The way I see it, between maternity clothes and chocolate croissant cravings, I’m putting thousands of dollars a year into the local economy. To say nothing of the number of grooming products it takes to look reasonably presentable these days. The least I deserve is a damn seat on the subway for nine months out of my life.

Not getting any response, I took matters into my own hands. I approached my least favorite type of subway rider – the one who believes her purse won’t be as happy in her lap as it is in a seat of its own. In my opinion, she’s even worse than the rider who spreads his legs and takes up two seats as a demonstration that his penis is too large for him to sit comfortably any other way. The former should know better. The latter is just an idiot.

“Could you move your bag so I could sit down?” I asked the woman. She averted her eyes.

“I’m PREGNANT and I’d really like to sit down,” I said a little louder, drawing the attention of nearby passengers who were more than happy to give her the evil eye–less in defense of the poor standing pregnant lady and more in defense of their own seats.
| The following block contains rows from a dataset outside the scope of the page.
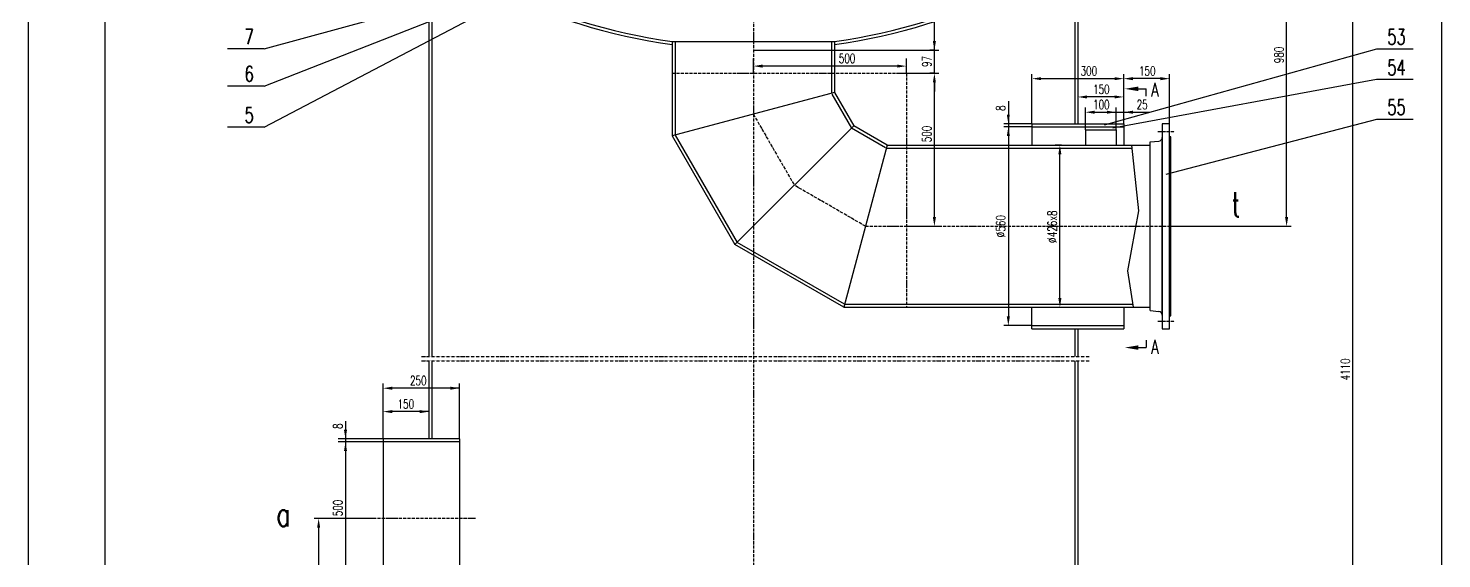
# Model space of a CAD drawing. Header units: millimetres. Extents: x 1545 to 36024, y 3418 to 15628.
# Drawn here: x 1545 to 6163, y 8225 to 9959 of the extents above; entities that cross this region are included whole.
import ezdxf

# ---------------------------------------------------------------- set-up
doc = ezdxf.new("R2010")
doc.units = ezdxf.units.MM
for name, pattern in [('DASHDOT-M', [36, 30, -3, 0, -3]), ('DASHDOT-S', [14, 10, -2, 0, -2]), ('DIVIDE-M', [39, 30, -3, 0, -3, 0, -3]), ('DIVIDE-S', [16, 10, -2, 0, -2, 0, -2])]:
    doc.linetypes.add(name, pattern=pattern)
for name, color, linetype in [('CDR_DIM', 7, 'Continuous'), ('CDR_DWG1', 1, 'Continuous'), ('CDR_DWG3', 3, 'DASHDOT-M'), ('CDR_DWG4', 6, 'DIVIDE-M'), ('CDR_TEXT', 7, 'Continuous')]:
    doc.layers.add(name, color=color, linetype=linetype)
doc.styles.add('HZ', font='simplex.shx', dxfattribs={"width": 0.7, "height": 30, "bigfont": 'HZ.shx'})

msp = doc.modelspace()

# ---------------------------------------------------------------- linework, layer by layer
at = {"layer": 'CDR_DIM', "color": 0, "linetype": 'Continuous'}
for p, q in [((1544.9, 15628), (1544.9, 3738)), ((6163.1, 7486.3), (6163.1, 15212)), ((4505.5, 9916.7), (4505.5, 10461.6)), ((5656.3, 9326.6), (5656.3, 10461.6)), ((5873.1, 7456.3), (5873.1, 10431.6)), ((2316, 9635.2), (3132.7, 10064.8)), ((2316, 9891.5), (2800.3, 10022.9)), ((2316, 9770), (2858.3, 9982.3)), ((4505.5, 9811.6), (4505.5, 9946.7)), ((2316, 9891.5), (2195.9, 9891.5)), ((3914, 9886.7), (4520.5, 9886.7)), ((4505.5, 9886.7), (4490.5, 9886.7)), ((5949.7, 9890.8), (5059.9, 9642.4)), ((6069.8, 9890.8), (5949.7, 9890.8)), ((3914, 9811.6), (3914, 9860)), ((4414, 9811.6), (4414, 9860)), ((4384, 9835.1), (3944, 9835.1)), ((4414, 9811.6), (4520.5, 9811.6)), ((4505.5, 9811.6), (4490.5, 9811.6)), ((4824, 9646.6), (4824, 9809)), ((4854, 9794), (5094, 9794)), ((5949.7, 9790.8), (5088.2, 9631.8)), ((5124, 9646.6), (5124, 9809)), ((5124, 9794), (5124, 9809)), ((5244, 9794), (5154, 9794)), ((5274, 9646.6), (5274, 9809)), ((6069.8, 9790.8), (5949.7, 9790.8)), ((2316, 9770), (2195.9, 9770)), ((4505.5, 9341.6), (4505.5, 9781.6)), ((4505.5, 9781.6), (4505.5, 9751.6)), ((5171.8, 9760.7), (5196.9, 9760.7)), ((5196.9, 9736.9), (5196.9, 9760.7)), ((4747.1, 9720.2), (4747.1, 9016.6)), ((4999, 9626.6), (4999, 9699.3)), ((5094, 9734.2), (5004, 9734.2)), ((5099, 9626.6), (5099, 9699.3)), ((5029, 9684.3), (5209.9, 9684.3)), ((5949.7, 9660.9), (5261.8, 9480.5)), ((6069.8, 9660.9), (5949.7, 9660.9)), ((2316, 9635.2), (2195.9, 9635.2)), ((4824, 9646.6), (4732.1, 9646.6)), ((4824, 9636.6), (4732.1, 9636.6)), ((4920.3, 9576.6), (4900.5, 9576.6)), ((5149.8, 9576.6), (5171.9, 9361.4)), ((4915.5, 9076.6), (4915.5, 9546.6)), ((5171.9, 9361.4), (5135.9, 9165.6)), ((4414, 9311.6), (4520.5, 9311.6)), ((5278, 9311.6), (5671.3, 9311.6)), ((5135.9, 9165.6), (5154.6, 9046.6)), ((4913.9, 9046.6), (4930.5, 9046.6)), ((4824, 8986.6), (4732.1, 8986.6)), ((5171.8, 8914.9), (5196.9, 8914.9)), ((5196.9, 8938.7), (5196.9, 8914.9)), ((2704, 8616.3), (2704, 8797.1)), ((2954, 8782.1), (2734, 8782.1)), ((2954, 8616.3), (2954, 8797.1)), ((2854, 8705.6), (2734, 8705.6)), ((2581.4, 8674.4), (2581.4, 8136.3)), ((2704, 8616.3), (2557.6, 8616.3)), ((2704, 8606.3), (2557.6, 8606.3)), ((2678.4, 8356.3), (2478.6, 8356.3)), ((2493.6, 8326.3), (2493.6, 7486.3))]:
    msp.add_line(p, q, dxfattribs=at)
for points in [[(4500.5, 9916.7), (4510.5, 9916.7), (4505.5, 9886.7)], [(4500.5, 9916.7), (4510.5, 9916.7), (4505.5, 9886.7)], [(3944, 9840.1), (3944, 9830.1), (3914, 9835.1)], [(4384, 9840.1), (4384, 9830.1), (4414, 9835.1)], [(4500.5, 9781.6), (4510.5, 9781.6), (4505.5, 9811.6)], [(4500.5, 9781.6), (4510.5, 9781.6), (4505.5, 9811.6)], [(4854, 9799), (4854, 9789), (4824, 9794)], [(5094, 9799), (5094, 9789), (5124, 9794)], [(5154, 9799), (5154, 9789), (5124, 9794)], [(5244, 9799), (5244, 9789), (5274, 9794)], [(5172.3, 9753.2), (5172.3, 9768.2), (5127.3, 9760.7)], [(5004, 9739.2), (5004, 9729.2), (4974, 9734.2)], [(5094, 9739.2), (5094, 9729.2), (5124, 9734.2)], [(4742.1, 9676.6), (4752.1, 9676.6), (4747.1, 9646.6)], [(5029, 9689.3), (5029, 9679.3), (4999, 9684.3)], [(5069, 9689.3), (5069, 9679.3), (5099, 9684.3)], [(5154, 9689.3), (5154, 9679.3), (5124, 9684.3)], [(4742.1, 9606.6), (4752.1, 9606.6), (4747.1, 9636.6)], [(4910.5, 9546.6), (4920.5, 9546.6), (4915.5, 9576.6)], [(4500.5, 9341.6), (4510.5, 9341.6), (4505.5, 9311.6)], [(5651.3, 9341.6), (5661.3, 9341.6), (5656.3, 9311.6)], [(4910.5, 9076.6), (4920.5, 9076.6), (4915.5, 9046.6)], [(4742.1, 9016.6), (4752.1, 9016.6), (4747.1, 8986.6)], [(5172.3, 8922.4), (5172.3, 8907.4), (5127.3, 8914.9)], [(2734, 8787.1), (2734, 8777.1), (2704, 8782.1)], [(2924, 8787.1), (2924, 8777.1), (2954, 8782.1)], [(2734, 8710.6), (2734, 8700.6), (2704, 8705.6)], [(2824, 8710.6), (2824, 8700.6), (2854, 8705.6)], [(2576.4, 8646.3), (2586.4, 8646.3), (2581.4, 8616.3)], [(2576.4, 8576.3), (2586.4, 8576.3), (2581.4, 8606.3)], [(2488.6, 8326.3), (2498.6, 8326.3), (2493.6, 8356.3)]]:
    msp.add_solid(points, dxfattribs=at)
at = {"layer": 'CDR_DWG1', "color": 1}
msp.add_line((1794.9, 15528), (1794.9, 3838), dxfattribs=at)
at = {"layer": 'CDR_DWG1'}
for p, q in [((2854, 10017.1), (2854, 8886.2)), ((2864, 10017.1), (2864, 8886.2)), ((4964, 10017.1), (4964, 9646.6)), ((4974, 10017.1), (4974, 9646.6)), ((3649, 9915.3), (3649, 9606.6)), ((3649, 9915.3), (4179, 9915.3)), ((3659, 9915.3), (3659, 9609.3)), ((4169, 9915.3), (4169, 9746)), ((4179, 9915.3), (4179, 9748.6)), ((4179, 9748.6), (3649, 9606.6)), ((4179, 9748.6), (4242, 9639.6)), ((4170.4, 9743.6), (4234.7, 9632.2)), ((3649, 9606.6), (3854, 9251.6)), ((3659, 9609.3), (3861.3, 9258.9)), ((4242, 9639.6), (3854, 9251.6)), ((4346.1, 9567.9), (4234.7, 9632.2)), ((4351.1, 9576.6), (4242, 9639.6)), ((4824, 9646.6), (5124, 9646.6)), ((4824, 9646.6), (4824, 9576.6)), ((4824, 9636.6), (5124, 9636.6)), ((4999, 9626.6), (4999, 9576.6)), ((4999, 9626.6), (5099, 9626.6)), ((5099, 9626.6), (5099, 9576.6)), ((5124, 9646.6), (5124, 9576.6)), ((5274, 9646.6), (5250, 9646.6)), ((5250, 9646.6), (5250, 8976.6)), ((5274, 8976.6), (5274, 9646.6)), ((4351.1, 9576.6), (4209.1, 9046.6)), ((4348.4, 9566.6), (5150.8, 9566.6)), ((4351.1, 9576.6), (5211, 9576.6)), ((5211, 9587), (5239.3, 9590)), ((5211, 9036.2), (5211, 9587)), ((5211, 9046.6), (5211, 9576.6)), ((5250, 9032.1), (5250, 9591.1)), ((5278, 9604.1), (5274, 9604.1)), ((5278, 9019.1), (5278, 9604.1)), ((4209.1, 9046.6), (3854, 9251.6)), ((4211.7, 9056.6), (3861.3, 9258.9)), ((4211.7, 9056.6), (5153, 9056.6)), ((4209.1, 9046.6), (5211, 9046.6)), ((4824, 8976.6), (4824, 9046.6)), ((5124, 9046.6), (5124, 8976.6)), ((5211, 9036.2), (5239.3, 9033.2)), ((5274, 9019.1), (5278, 9019.1)), ((4824, 8986.6), (5124, 8986.6)), ((4824, 8976.6), (5124, 8976.6)), ((4964, 8976.6), (4964, 8886.2)), ((4974, 8976.6), (4974, 8886.2)), ((5250, 8976.6), (5274, 8976.6)), ((2854, 8871.2), (2854, 8616.3)), ((2864, 8871.2), (2864, 8616.3)), ((4964, 8871.2), (4964, 7472.3)), ((4974, 8871.2), (4974, 7472.3)), ((2704, 8616.3), (2704, 8096.3)), ((2954, 8616.3), (2704, 8616.3)), ((2954, 8606.3), (2704, 8606.3)), ((2954, 8616.3), (2954, 8096.3))]:
    msp.add_line(p, q, dxfattribs=at)
for centre, radius, start, end in [((3914, 11797.1), 1910.4, 243.4489, 262.0265), ((3914, 11797.1), 1900.4, 243.4489, 261.9843), ((3914, 11797.1), 1900.4, 278.0157, 296.5511), ((3914, 11797.1), 1910.4, 277.9735, 296.5511), ((5238, 9601.9), 12, 276, 0), ((5238, 9021.3), 12, 0, 84)]:
    msp.add_arc(centre, radius, start, end, dxfattribs=at)
at = {"layer": 'CDR_DWG3', "linetype": 'DASHDOT-S'}
for p, q in [((3914, 15261.2), (3914, 7208.9)), ((3649, 9811.6), (4414, 9811.6)), ((4414, 9811.6), (4414, 9046.6)), ((3914, 9677.6), (4048, 9445.6)), ((5236, 9621.6), (5292, 9621.6)), ((4280.1, 9311.6), (4048, 9445.6)), ((4280.1, 9311.6), (5304.3, 9311.6)), ((5236, 9001.6), (5292, 9001.6)), ((3005.7, 8356.3), (2674.7, 8356.3))]:
    msp.add_line(p, q, dxfattribs=at)
at = {"layer": 'CDR_DWG4', "color": 3, "linetype": 'DIVIDE-S'}
for p, q in [((2830.2, 8886.2), (5011.8, 8886.2)), ((2830.2, 8871.2), (5011.8, 8871.2))]:
    msp.add_line(p, q, dxfattribs=at)

# ---------------------------------------------------------------- texts
at = {"style": 'HZ', "width": 0.7}
for s, height, p in [('7', 50, (2251.8, 9906.3)), ('53', 50, (5985.4, 9905.6)), ('54', 50, (5985.4, 9805.6)), ('6', 50, (2251.8, 9784.7)), ('A', 45, (5213.6, 9735.6)), ('5', 50, (2251.8, 9650)), ('55', 50, (5985.4, 9675.6)), ('t', 80, (5476.5, 9342.8)), ('A', 45, (5213.6, 8895)), ('a', 80, (2355.8, 8330.1))]:
    msp.add_text(s, height=height, dxfattribs=at).set_placement(p)
at = {"layer": 'CDR_TEXT', "color": 0, "linetype": 'Continuous', "style": 'HZ', "width": 0.7}
for s, p in [('980', (5646.3, 9844.6)), ('97', (4495.5, 9832.2)), ('8', (4737.1, 9688.8)), ('500', (4495.5, 9586.1)), ('560', (4737.1, 9294.1)), ('426x8', (4905.5, 9275.6)), ('∅', (4737.1, 9275.1)), ('∅', (4905.5, 9256.6)), ('4110', (5863.1, 8807.4)), ('8', (2571.4, 8649.1)), ('500', (2571.4, 8363.5))]:
    msp.add_text(s, height=30, rotation=90, dxfattribs=at).set_placement(p)
for s, p in [('500', (4193.2, 9845.1)), ('300', (4983.2, 9804)), ('150', (5174, 9804)), ('150', (5024, 9744.2)), ('100', (5024, 9694.3)), ('25', (5166.3, 9694.3)), ('250', (2792.2, 8792.1)), ('150', (2751.7, 8715.6))]:
    msp.add_text(s, height=30, dxfattribs=at).set_placement(p)

doc.saveas('drawing.dxf')

She took her bag reluctantly into her lap and slid over two inches, hemming and hawing the whole time. I wriggled in next to her, smiled sweetly, and thanked her in a tone that was just a little too big to sound entirely sincere.

I can only assure you it was a happier ending than last week’s commutation fun, when I twisted my ankle on a midtown platform and fell to the ground in pain, while men in business suits stepped over me. New York, New York, it’s a hell of a town.


63 thoughts on “Working it on the A Train”

  1. On the 6 train, when I was about 8 months pregnant I asked one of those spread-leg guys to move over–not even get up–so I could sit down. He looked directly at me and my ginormous belly and said “No.” Completely shameless.

  2. Bastards. Seriously the suits stepped over you? I thought those were urband legends. Bet you cannot wait to move.

  3. Ha, yes Lisa. Because in LA everyone’s known for being so considerate and un-self-centered. I guess I like a lot of tension in my life, huh.

  4. wow, what a bitch troll…yep–work it, girl. i miss the social powers that the bump bequeathed me (in goodhearted midwest, at least). several inches of swinging PP stomach flesh has hardly the same appeal.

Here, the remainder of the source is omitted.